[Data entries]
((

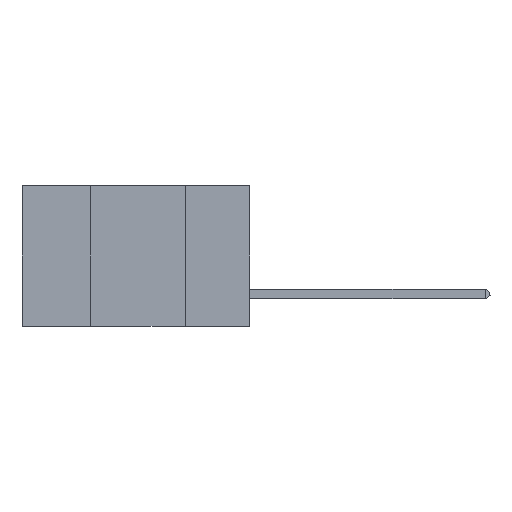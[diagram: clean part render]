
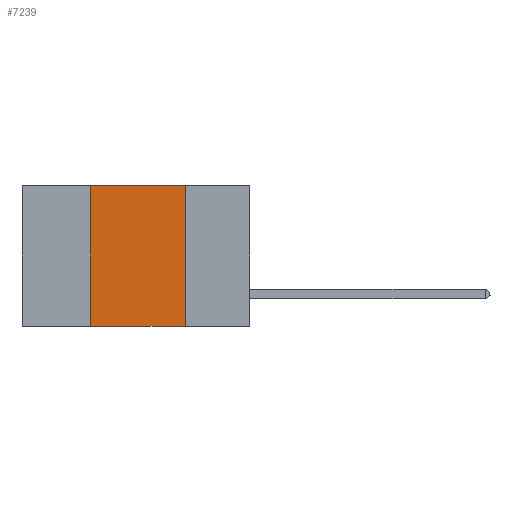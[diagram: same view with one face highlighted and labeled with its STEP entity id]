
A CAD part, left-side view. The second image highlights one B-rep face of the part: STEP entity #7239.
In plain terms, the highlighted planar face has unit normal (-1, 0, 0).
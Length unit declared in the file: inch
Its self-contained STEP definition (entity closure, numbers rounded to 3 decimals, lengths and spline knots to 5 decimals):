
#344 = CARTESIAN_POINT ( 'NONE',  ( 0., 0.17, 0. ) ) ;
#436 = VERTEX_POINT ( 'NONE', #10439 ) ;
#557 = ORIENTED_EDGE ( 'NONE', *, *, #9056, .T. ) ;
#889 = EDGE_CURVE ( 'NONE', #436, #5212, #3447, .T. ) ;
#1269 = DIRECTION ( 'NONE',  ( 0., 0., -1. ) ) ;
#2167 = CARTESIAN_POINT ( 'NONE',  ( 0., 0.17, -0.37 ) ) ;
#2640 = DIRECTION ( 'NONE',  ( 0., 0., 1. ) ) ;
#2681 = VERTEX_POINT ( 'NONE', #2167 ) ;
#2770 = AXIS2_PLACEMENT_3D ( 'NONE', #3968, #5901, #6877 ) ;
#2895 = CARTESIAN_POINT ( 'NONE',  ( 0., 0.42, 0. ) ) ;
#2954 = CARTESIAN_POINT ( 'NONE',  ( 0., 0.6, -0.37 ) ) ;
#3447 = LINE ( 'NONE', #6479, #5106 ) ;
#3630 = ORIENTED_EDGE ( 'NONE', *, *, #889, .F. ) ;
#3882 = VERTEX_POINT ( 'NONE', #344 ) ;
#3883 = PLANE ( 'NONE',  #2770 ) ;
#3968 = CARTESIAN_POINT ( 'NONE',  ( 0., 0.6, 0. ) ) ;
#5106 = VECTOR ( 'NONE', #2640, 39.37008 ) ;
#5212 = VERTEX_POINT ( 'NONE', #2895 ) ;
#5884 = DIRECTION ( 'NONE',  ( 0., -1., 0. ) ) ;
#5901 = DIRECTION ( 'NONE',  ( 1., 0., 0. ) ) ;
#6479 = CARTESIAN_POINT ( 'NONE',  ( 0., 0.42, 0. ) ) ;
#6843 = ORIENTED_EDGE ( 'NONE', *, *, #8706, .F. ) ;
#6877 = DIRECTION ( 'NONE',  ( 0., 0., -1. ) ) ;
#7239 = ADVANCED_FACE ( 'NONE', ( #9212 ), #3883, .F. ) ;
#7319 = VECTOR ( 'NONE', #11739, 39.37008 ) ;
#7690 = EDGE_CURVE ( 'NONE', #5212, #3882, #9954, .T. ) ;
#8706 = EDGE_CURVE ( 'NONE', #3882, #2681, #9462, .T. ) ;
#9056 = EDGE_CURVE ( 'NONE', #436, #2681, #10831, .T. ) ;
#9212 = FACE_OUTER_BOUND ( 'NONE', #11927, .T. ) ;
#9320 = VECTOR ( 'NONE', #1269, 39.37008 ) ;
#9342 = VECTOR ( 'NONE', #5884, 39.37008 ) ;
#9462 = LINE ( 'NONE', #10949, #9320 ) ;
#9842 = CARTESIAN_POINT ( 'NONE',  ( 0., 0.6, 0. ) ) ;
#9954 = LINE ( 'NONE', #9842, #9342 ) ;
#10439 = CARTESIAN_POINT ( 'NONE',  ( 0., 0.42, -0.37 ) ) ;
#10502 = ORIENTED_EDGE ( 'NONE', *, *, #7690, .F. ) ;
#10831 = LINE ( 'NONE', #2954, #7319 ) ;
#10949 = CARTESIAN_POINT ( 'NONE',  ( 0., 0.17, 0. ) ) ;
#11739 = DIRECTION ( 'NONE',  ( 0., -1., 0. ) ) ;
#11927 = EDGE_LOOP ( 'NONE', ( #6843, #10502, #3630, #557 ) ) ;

))

From the line holding "#2770 = AXIS2_PLACEMENT_3D" down to the last line of the records above, restate each line exactly as written.

## Expected answer
#2770 = AXIS2_PLACEMENT_3D ( 'NONE', #3968, #5901, #6877 ) ;
#2895 = CARTESIAN_POINT ( 'NONE',  ( 0., 0.42, 0. ) ) ;
#2954 = CARTESIAN_POINT ( 'NONE',  ( 0., 0.6, -0.37 ) ) ;
#3447 = LINE ( 'NONE', #6479, #5106 ) ;
#3630 = ORIENTED_EDGE ( 'NONE', *, *, #889, .F. ) ;
#3882 = VERTEX_POINT ( 'NONE', #344 ) ;
#3883 = PLANE ( 'NONE',  #2770 ) ;
#3968 = CARTESIAN_POINT ( 'NONE',  ( 0., 0.6, 0. ) ) ;
#5106 = VECTOR ( 'NONE', #2640, 39.37008 ) ;
#5212 = VERTEX_POINT ( 'NONE', #2895 ) ;
#5884 = DIRECTION ( 'NONE',  ( 0., -1., 0. ) ) ;
#5901 = DIRECTION ( 'NONE',  ( 1., 0., 0. ) ) ;
#6479 = CARTESIAN_POINT ( 'NONE',  ( 0., 0.42, 0. ) ) ;
#6843 = ORIENTED_EDGE ( 'NONE', *, *, #8706, .F. ) ;
#6877 = DIRECTION ( 'NONE',  ( 0., 0., -1. ) ) ;
#7239 = ADVANCED_FACE ( 'NONE', ( #9212 ), #3883, .F. ) ;
#7319 = VECTOR ( 'NONE', #11739, 39.37008 ) ;
#7690 = EDGE_CURVE ( 'NONE', #5212, #3882, #9954, .T. ) ;
#8706 = EDGE_CURVE ( 'NONE', #3882, #2681, #9462, .T. ) ;
#9056 = EDGE_CURVE ( 'NONE', #436, #2681, #10831, .T. ) ;
#9212 = FACE_OUTER_BOUND ( 'NONE', #11927, .T. ) ;
#9320 = VECTOR ( 'NONE', #1269, 39.37008 ) ;
#9342 = VECTOR ( 'NONE', #5884, 39.37008 ) ;
#9462 = LINE ( 'NONE', #10949, #9320 ) ;
#9842 = CARTESIAN_POINT ( 'NONE',  ( 0., 0.6, 0. ) ) ;
#9954 = LINE ( 'NONE', #9842, #9342 ) ;
#10439 = CARTESIAN_POINT ( 'NONE',  ( 0., 0.42, -0.37 ) ) ;
#10502 = ORIENTED_EDGE ( 'NONE', *, *, #7690, .F. ) ;
#10831 = LINE ( 'NONE', #2954, #7319 ) ;
#10949 = CARTESIAN_POINT ( 'NONE',  ( 0., 0.17, 0. ) ) ;
#11739 = DIRECTION ( 'NONE',  ( 0., -1., 0. ) ) ;
#11927 = EDGE_LOOP ( 'NONE', ( #6843, #10502, #3630, #557 ) ) ;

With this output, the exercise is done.